# Pricing Demons



## renners (Apr 9, 2010)

OK, so it's not strictly woodworking, but I'm in a bit of a quandary here. A woman I did some work for a couple of years ago got in touch to ask if I could renovate her Mother in Law's bathroom. Total rip out and refit. The job is now done apart from a bit of grouting, getting rid of the rubbish and giving her the bill.

This job has taken two weeks, but all the time, her husband has been like a wasp in my ear "me Mother's getting anxious, she wants to move back in, when can she move back in?" - checking in at lunch time, checking in in the evening "when can me Mother move back in?". So to expedite the return of this guy's ancient mother, I have absolutely busted my nuts to get this done, 11, 12, 14, 15 hour days. Of course, it wasn't an easy job, it was an old house of dubious construction, with unexpected surprises. The whole floor was rotten, the concrete subfloor had a tar dampcourse that had a layer of water underneath, pipes had to be channelled into the floor (under a shower tray) and tiling on uneven walls. You get the picture. 130 hours of dust and hard graft.

So now I've worked out the bill, labour only, and even if I only charge what everyone else charges here, it still comes to a lot. But it's not like I've spent hours drinking tea and smoking ******************** and talking about the state of the nation.

Everything that needed to be done has been done - and done properly, and neatly - and it was hard and I was focused on it all the time. And with the end now in sight it's like I have an Angel on one shoulder saying "she's an elderly widow, don't charge that much, give her a discount" and a demon on the other shoulder saying "Don't be a sap, you earned that money, midnight finishes? take it, take it all"

So who would you listen to?


----------



## DKV (Jul 18, 2011)

renners, charge what you agreed upon plus all changes and surprises.


----------



## hobby1 (Feb 10, 2012)

Maybe this would help,

Since your labeling in your mind, that an angel is saying one thing and a demon is saying another,
shows right there that you have a concious of what is right and what is wrong, 
so let your concious be your guide, 
and if you are a Christian, than you can hear what God says about it, and what He says, will be the very best deal for you, and her both, to benefit from, that way you recieve your recompence reward, that fully meets all the work that God enabled you to do for her, plus enough to give back to God the tithe (tenth of income), necessary to have God provide more work for you, when you need it.


----------



## renners (Apr 9, 2010)

What would Jesus do Deek?


----------



## AlaskaGuy (Jan 29, 2012)

Shouldn't have this all been agreed to before the job began?

Doesn't say somewhere in the bible " an honest days work for an honest days pay", something like that.

Do you not have a family to support.

No advice here, just some thoughts.


----------



## renners (Apr 9, 2010)

Did I mention my angle grinder made the ultimate sacrifice also…


----------



## wormil (Nov 19, 2011)

Now you see why Jesus gave up carpentry.

Don't be a sap, charge them a fair price + a PITA surcharge for the husband.

I hired a guy last year to do a similar job and it was all on paper, time estimate, his rate, who was paying for materials, that he would clean up and haul away debris, starting time each day, each day would not exceed 8 work hours + lunch, when payments were due, etc. and the understanding that tearing into a house can reveal unforeseen problems that may exceed the original estimate.

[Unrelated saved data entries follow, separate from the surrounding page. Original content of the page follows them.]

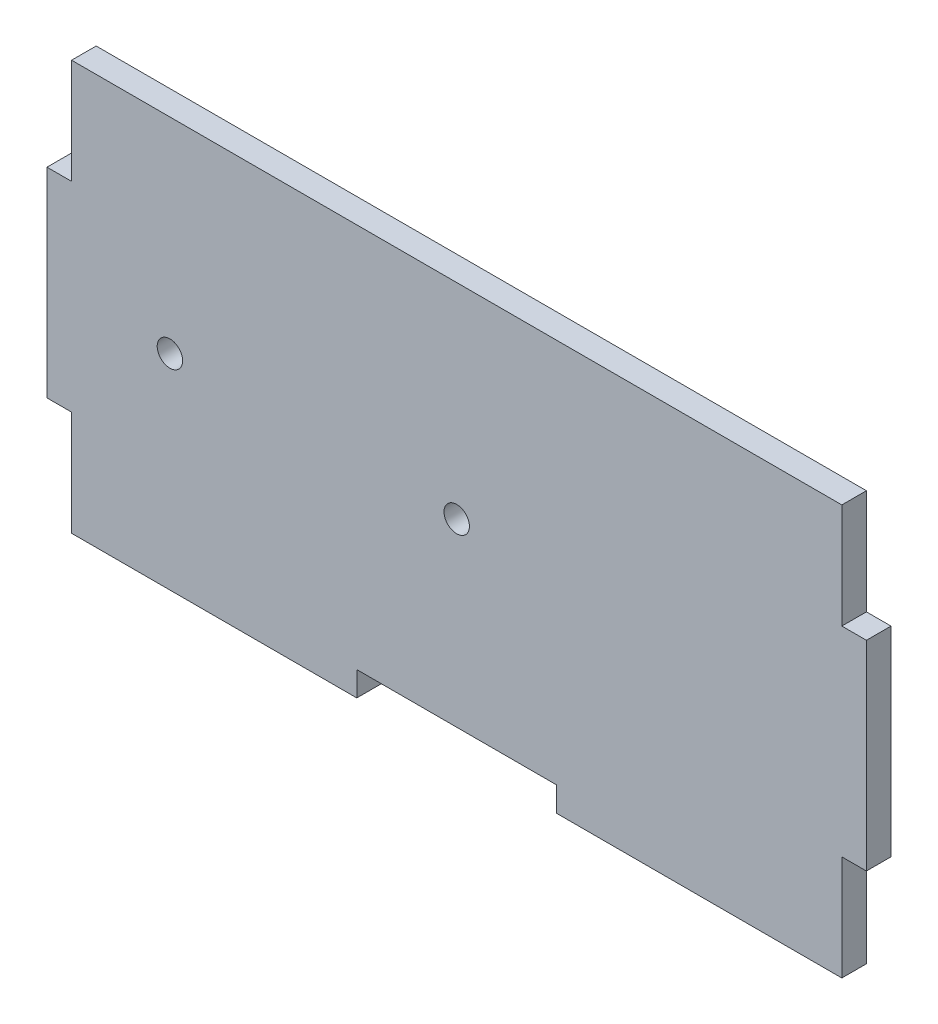
ISO-10303-21;
HEADER;
FILE_DESCRIPTION(('STEP AP214'),'2;1');
FILE_NAME('part.step','',(''),(''),'','','');
FILE_SCHEMA(('AUTOMOTIVE_DESIGN { 1 0 10303 214 1 1 1 1 }'));
ENDSEC;
DATA;
#1=APPLICATION_CONTEXT('core data for automotive mechanical design processes');
#2=APPLICATION_PROTOCOL_DEFINITION('international standard','automotive_design',2000,#1);
#3=PRODUCT_CONTEXT('',#1,'mechanical');
#4=PRODUCT('Part','Part','',(#3));
#5=PRODUCT_RELATED_PRODUCT_CATEGORY('part','',(#4));
#6=PRODUCT_DEFINITION_FORMATION('','',#4);
#7=PRODUCT_DEFINITION_CONTEXT('part definition',#1,'design');
#8=PRODUCT_DEFINITION('design','',#6,#7);
#9=PRODUCT_DEFINITION_SHAPE('','',#8);
#10=(LENGTH_UNIT() NAMED_UNIT(*) SI_UNIT(.MILLI.,.METRE.));
#11=(NAMED_UNIT(*) PLANE_ANGLE_UNIT() SI_UNIT($,.RADIAN.));
#12=(NAMED_UNIT(*) SI_UNIT($,.STERADIAN.) SOLID_ANGLE_UNIT());
#13=UNCERTAINTY_MEASURE_WITH_UNIT(LENGTH_MEASURE(1.E-05),#10,'distance_accuracy_value','');
#14=(GEOMETRIC_REPRESENTATION_CONTEXT(3) GLOBAL_UNCERTAINTY_ASSIGNED_CONTEXT((#13)) GLOBAL_UNIT_ASSIGNED_CONTEXT((#10,
#11,#12)) REPRESENTATION_CONTEXT('',''));
#15=CARTESIAN_POINT('',(0.,0.,0.));
#16=DIRECTION('',(0.,0.,1.));
#17=DIRECTION('',(1.,0.,0.));
#18=AXIS2_PLACEMENT_3D('',#15,#16,#17);
#19=CARTESIAN_POINT('',(280.,103.,3.));
#20=DIRECTION('',(0.,-1.,0.));
#21=DIRECTION('',(0.,0.,-1.));
#22=AXIS2_PLACEMENT_3D('',#19,#20,#21);
#23=PLANE('',#22);
#24=DIRECTION('',(-1.,0.,0.));
#25=VECTOR('',#24,1.);
#26=CARTESIAN_POINT('',(280.,103.,0.));
#27=LINE('',#26,#25);
#28=CARTESIAN_POINT('',(280.,103.,0.));
#29=VERTEX_POINT('',#28);
#30=CARTESIAN_POINT('',(186.,103.,0.));
#31=VERTEX_POINT('',#30);
#32=EDGE_CURVE('E176',#29,#31,#27,.T.);
#33=ORIENTED_EDGE('',*,*,#32,.T.);
#34=DIRECTION('',(0.,0.,-1.));
#35=VECTOR('',#34,1.);
#36=CARTESIAN_POINT('',(186.,103.,3.));
#37=LINE('',#36,#35);
#38=CARTESIAN_POINT('',(186.,103.,3.));
#39=VERTEX_POINT('',#38);
#40=EDGE_CURVE('E11',#39,#31,#37,.T.);
#41=ORIENTED_EDGE('',*,*,#40,.F.);
#42=DIRECTION('',(-1.,0.,0.));
#43=VECTOR('',#42,1.);
#44=CARTESIAN_POINT('',(280.,103.,3.));
#45=LINE('',#44,#43);
#46=CARTESIAN_POINT('',(280.,103.,3.));
#47=VERTEX_POINT('',#46);
#48=EDGE_CURVE('E208',#47,#39,#45,.T.);
#49=ORIENTED_EDGE('',*,*,#48,.F.);
#50=DIRECTION('',(0.,0.,-1.));
#51=VECTOR('',#50,1.);
#52=CARTESIAN_POINT('',(280.,103.,3.));
#53=LINE('',#52,#51);
#54=EDGE_CURVE('E172',#47,#29,#53,.T.);
#55=ORIENTED_EDGE('',*,*,#54,.T.);
#56=EDGE_LOOP('',(#33,#41,#49,#55));
#57=FACE_BOUND('',#56,.T.);
#58=ADVANCED_FACE('F32',(#57),#23,.F.);
#59=CARTESIAN_POINT('',(186.,103.,3.));
#60=DIRECTION('',(1.,0.,0.));
#61=DIRECTION('',(0.,0.,-1.));
#62=AXIS2_PLACEMENT_3D('',#59,#60,#61);
#63=PLANE('',#62);
#64=DIRECTION('',(0.,-1.,0.));
#65=VECTOR('',#64,1.);
#66=CARTESIAN_POINT('',(186.,103.,0.));
#67=LINE('',#66,#65);
#68=CARTESIAN_POINT('',(186.,90.195,0.));
#69=VERTEX_POINT('',#68);
#70=EDGE_CURVE('E179',#31,#69,#67,.T.);
#71=ORIENTED_EDGE('',*,*,#70,.T.);
#72=DIRECTION('',(0.,0.,-1.));
#73=VECTOR('',#72,1.);
#74=CARTESIAN_POINT('',(186.,90.195,3.));
#75=LINE('',#74,#73);
#76=CARTESIAN_POINT('',(186.,90.195,3.));
#77=VERTEX_POINT('',#76);
#78=EDGE_CURVE('E40',#77,#69,#75,.T.);
#79=ORIENTED_EDGE('',*,*,#78,.F.);
#80=DIRECTION('',(0.,-1.,0.));
#81=VECTOR('',#80,1.);
#82=CARTESIAN_POINT('',(186.,103.,3.));
#83=LINE('',#82,#81);
#84=EDGE_CURVE('E115',#39,#77,#83,.T.);
#85=ORIENTED_EDGE('',*,*,#84,.F.);
#86=ORIENTED_EDGE('',*,*,#40,.T.);
#87=EDGE_LOOP('',(#71,#79,#85,#86));
#88=FACE_BOUND('',#87,.T.);
#89=ADVANCED_FACE('F307',(#88),#63,.F.);
#90=CARTESIAN_POINT('',(186.,90.195,3.));
#91=DIRECTION('',(0.,-1.,0.));
#92=DIRECTION('',(0.,0.,-1.));
#93=AXIS2_PLACEMENT_3D('',#90,#91,#92);
#94=PLANE('',#93);
#95=DIRECTION('',(-1.,0.,0.));
#96=VECTOR('',#95,1.);
#97=CARTESIAN_POINT('',(186.,90.195,0.));
#98=LINE('',#97,#96);
#99=CARTESIAN_POINT('',(183.,90.195,0.));
#100=VERTEX_POINT('',#99);
#101=EDGE_CURVE('E182',#69,#100,#98,.T.);
#102=ORIENTED_EDGE('',*,*,#101,.T.);
#103=DIRECTION('',(0.,0.,-1.));
#104=VECTOR('',#103,1.);
#105=CARTESIAN_POINT('',(183.,90.195,3.));
#106=LINE('',#105,#104);
#107=CARTESIAN_POINT('',(183.,90.195,3.));
#108=VERTEX_POINT('',#107);
#109=EDGE_CURVE('E239',#108,#100,#106,.T.);
#110=ORIENTED_EDGE('',*,*,#109,.F.);
#111=DIRECTION('',(-1.,0.,0.));
#112=VECTOR('',#111,1.);
#113=CARTESIAN_POINT('',(186.,90.195,3.));
#114=LINE('',#113,#112);
#115=EDGE_CURVE('E247',#77,#108,#114,.T.);
#116=ORIENTED_EDGE('',*,*,#115,.F.);
#117=ORIENTED_EDGE('',*,*,#78,.T.);
#118=EDGE_LOOP('',(#102,#110,#116,#117));
#119=FACE_BOUND('',#118,.T.);
#120=ADVANCED_FACE('F245',(#119),#94,.F.);
#121=CARTESIAN_POINT('',(183.,90.195,3.));
#122=DIRECTION('',(1.,0.,0.));
#123=DIRECTION('',(0.,0.,-1.));
#124=AXIS2_PLACEMENT_3D('',#121,#122,#123);
#125=PLANE('',#124);
#126=DIRECTION('',(0.,-1.,0.));
#127=VECTOR('',#126,1.);
#128=CARTESIAN_POINT('',(183.,90.195,0.));
#129=LINE('',#128,#127);
#130=CARTESIAN_POINT('',(183.,65.805,0.));
#131=VERTEX_POINT('',#130);
#132=EDGE_CURVE('E184',#100,#131,#129,.T.);
#133=ORIENTED_EDGE('',*,*,#132,.T.);
#134=DIRECTION('',(0.,0.,-1.));
#135=VECTOR('',#134,1.);
#136=CARTESIAN_POINT('',(183.,65.805,3.));
#137=LINE('',#136,#135);
#138=CARTESIAN_POINT('',(183.,65.805,3.));
#139=VERTEX_POINT('',#138);
#140=EDGE_CURVE('E236',#139,#131,#137,.T.);
#141=ORIENTED_EDGE('',*,*,#140,.F.);
#142=DIRECTION('',(0.,-1.,0.));
#143=VECTOR('',#142,1.);
#144=CARTESIAN_POINT('',(183.,90.195,3.));
#145=LINE('',#144,#143);
#146=EDGE_CURVE('E265',#108,#139,#145,.T.);
#147=ORIENTED_EDGE('',*,*,#146,.F.);
#148=ORIENTED_EDGE('',*,*,#109,.T.);
#149=EDGE_LOOP('',(#133,#141,#147,#148));
#150=FACE_BOUND('',#149,.T.);
#151=ADVANCED_FACE('F256',(#150),#125,.F.);
#152=CARTESIAN_POINT('',(183.,65.805,3.));
#153=DIRECTION('',(0.,1.,0.));
#154=DIRECTION('',(0.,0.,1.));
#155=AXIS2_PLACEMENT_3D('',#152,#153,#154);
#156=PLANE('',#155);
#157=DIRECTION('',(1.,0.,0.));
#158=VECTOR('',#157,1.);
#159=CARTESIAN_POINT('',(183.,65.805,0.));
#160=LINE('',#159,#158);
#161=CARTESIAN_POINT('',(186.,65.805,0.));
#162=VERTEX_POINT('',#161);
#163=EDGE_CURVE('E186',#131,#162,#160,.T.);
#164=ORIENTED_EDGE('',*,*,#163,.T.);
#165=DIRECTION('',(0.,0.,-1.));
#166=VECTOR('',#165,1.);
#167=CARTESIAN_POINT('',(186.,65.805,3.));
#168=LINE('',#167,#166);
#169=CARTESIAN_POINT('',(186.,65.805,3.));
#170=VERTEX_POINT('',#169);
#171=EDGE_CURVE('E233',#170,#162,#168,.T.);
#172=ORIENTED_EDGE('',*,*,#171,.F.);
#173=DIRECTION('',(1.,0.,0.));
#174=VECTOR('',#173,1.);
#175=CARTESIAN_POINT('',(183.,65.805,3.));
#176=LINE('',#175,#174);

We had to pay the first day's labor upfront + materials. When he got a little behind he brought in his son to help; didn't cost me a dime extra. The guy was awesome, also he was a Buddhist.


----------



## DKV (Jul 18, 2011)

renners, The Jesus gave free advice but never free woodwork. Follow The Jesus example…


----------



## joeyinsouthaustin (Sep 22, 2012)

+1 to Rick M's description… My simple remodel contract is 4.5 pages long. There should be no surprises at the end, if it was taken care of in the beginning…

Indecently, I first used that contract years ago when a lady in her 90's hired me, based on reputation, but demanded no work could happen until she saw a contract. I owe her for that one, and she gave me all her husbands tools as a tip. (he had passed some time ago)

This is what it looks like for me… if this helps.. By the time work starts a client has signed a quote, a proposal, any drawings or finish samples, a contract, and has given a deposit.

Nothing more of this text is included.